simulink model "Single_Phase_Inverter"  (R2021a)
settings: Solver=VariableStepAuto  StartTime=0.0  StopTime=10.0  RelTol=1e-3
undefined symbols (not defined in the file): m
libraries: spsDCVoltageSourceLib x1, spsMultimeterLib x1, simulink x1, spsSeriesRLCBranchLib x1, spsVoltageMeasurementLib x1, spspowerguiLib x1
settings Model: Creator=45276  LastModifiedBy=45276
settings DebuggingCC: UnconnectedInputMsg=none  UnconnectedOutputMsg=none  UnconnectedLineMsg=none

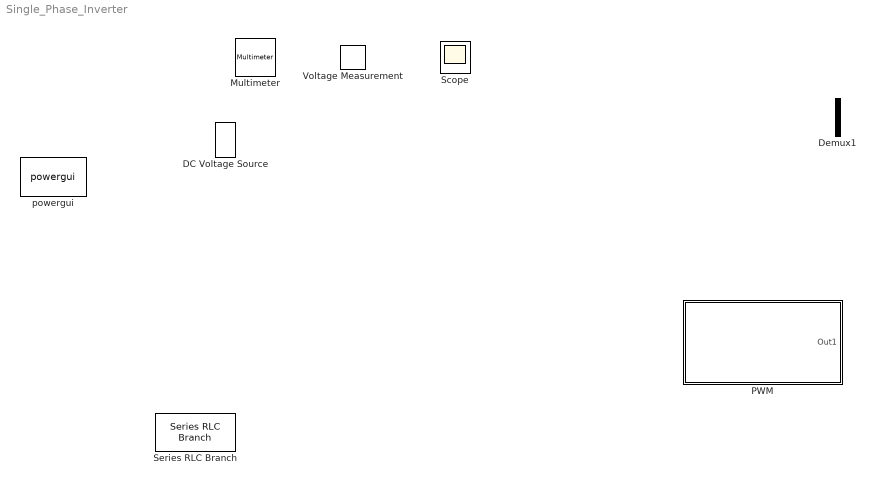
== system Single_Phase_Inverter ==
  DC Voltage Source : spsDCVoltageSourceLib/DC Voltage Source  Amplitude=100  Measurements=None
  Demux1 : Demux  Outputs=1  BusSelectionMode=on
  Multimeter : spsMultimeterLib/Multimeter  PhasorSimulation=off  OutputType=Complex  sel=1  L=1  Gain=1  yselected={}  PSBOutputType=1  PSBequivalent=0  AxesSetting=[0,0.1,-100,100]  Display=0  SavedBlockNames=-11
  PWM : Subsystem  mask{m=m, fc=750}
      mask prompts: m "m(0<m<=1)"; fc "fc(Hz)"
      mask TypeOptions m: Constant/Value
      mask TypeOptions fc:
      | Repeating
      | Sequence/rep_seq_t
  Scope : Scope
  Series RLC Branch : spsSeriesRLCBranchLib/Series RLC Branch  LConnTagsString=__new0  RConnTagsString=__new0  BranchType=RL  Resistance=1  Inductance=2e-3  SetiL0=off  InitialCurrent=0  Capacitance=1e-6  Setx0=off  InitialVoltage=0  Measurements=None
  Voltage Measurement : spsVoltageMeasurementLib/Voltage Measurement  PhasorSimulation=off  OutputType=Complex  PSBequivalent=0
  powergui : spspowerguiLib/powergui  Priority=1  SimulationMode=Discrete  SampleTime=1e-5  frequency=60  Iterations=50  frequencyindice=0  Pbase=100e6  ErrMax=1e-4  UnitsV=kV  UnitsW=MW  buscounter=0  FunctionMessages=off  echomessages=off  EnableUseOfTLC=off  CurrentSourceSwitches=off  DisableSnubberDevices=off  DisableRonSwitches=off  DisableVfSwitches=off  DisplayEquations=off  AutomaticDiscreteSolvers=off  SolverType=Tustin/Backward Euler (TBE)  Interpol=off  ExternalGateDelay=off  methode=off  Ts=100  x0status=blocks  SPID=off  SwTol=0  HookPort=off  NonlinearTolerance=1e-4  nMaxIteration=100  ContinueOnMaxIteration=off  RestoreLinks=warning  ResistiveCurrentMeasurement=off  Frange=[0:2:500]  Ylog=off  Xlog=on  ShowGrid=off  save=off  variable=ZData  structure=0  ZoomFFT=off  StartTime=0.0  cycles=1  DisplayStyle=1  fundamental=60  FreqAxis=off  MaxFrequency=1000  frequencyindicesteady=1  RmsSteady=1  display=off

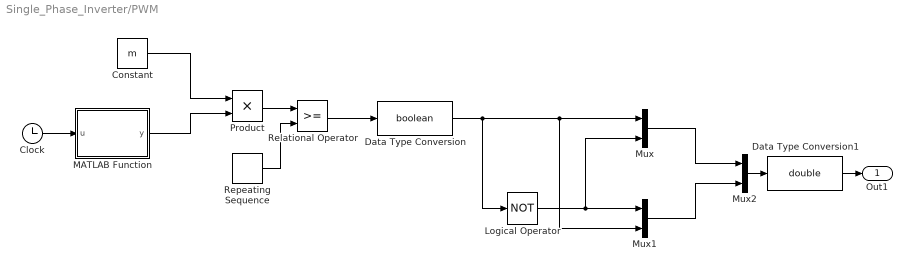
== system Single_Phase_Inverter/PWM ==
  Clock : Clock
  Constant : Constant  Value=m
  Data Type Conversion : DataTypeConversion  OutDataTypeStr=boolean
  Data Type Conversion1 : DataTypeConversion  OutDataTypeStr=double
  Logical Operator : Logic  Operator=NOT  AllPortsSameDT=off  OutDataTypeStr=boolean
  MATLAB Function : MATLAB Function  TreatAsAtomicUnit=on
  Mux : Mux  Inputs=2
  Mux1 : Mux  Inputs=2
  Mux2 : Mux  Inputs=2
  Product : Product
  Relational Operator : RelationalOperator  OutDataTypeStr=boolean  RndMeth=Simplest
  Repeating Sequence : simulink/Sources/Repeating Sequence  rep_seq_t=fc  rep_seq_y=[0-1 1 0]
  Out1 : Outport
  wires:
  Logical Operator/1 -> Mux/2, Mux1/1
  Relational Operator/1 -> Data Type Conversion/1
  Product/1 -> Relational Operator/1
  Repeating Sequence/1 -> Relational Operator/2
  Mux2/1 -> Data Type Conversion1/1
  Data Type Conversion/1 -> Mux1/2, Mux/1, Logical Operator/1
  Mux/1 -> Mux2/1
  Clock/1 -> MATLAB Function/1(u)
  MATLAB Function/1(y) -> Product/2
  Mux1/1 -> Mux2/2
  Constant/1 -> Product/1
  Data Type Conversion1/1 -> Out1/1

== matlab function Single_Phase_Inverter/PWM/MATLAB Function ==
  data: u input; y output
function y = fcn(u)

    y = sin(2*pi*f*u);
end

WORK TO COMPLETE: Take each line above that holds the string "boolean" and copy it.

REPLY TO THE TASK:
  Data Type Conversion : DataTypeConversion  OutDataTypeStr=boolean
  Logical Operator : Logic  Operator=NOT  AllPortsSameDT=off  OutDataTypeStr=boolean
  Relational Operator : RelationalOperator  OutDataTypeStr=boolean  RndMeth=Simplest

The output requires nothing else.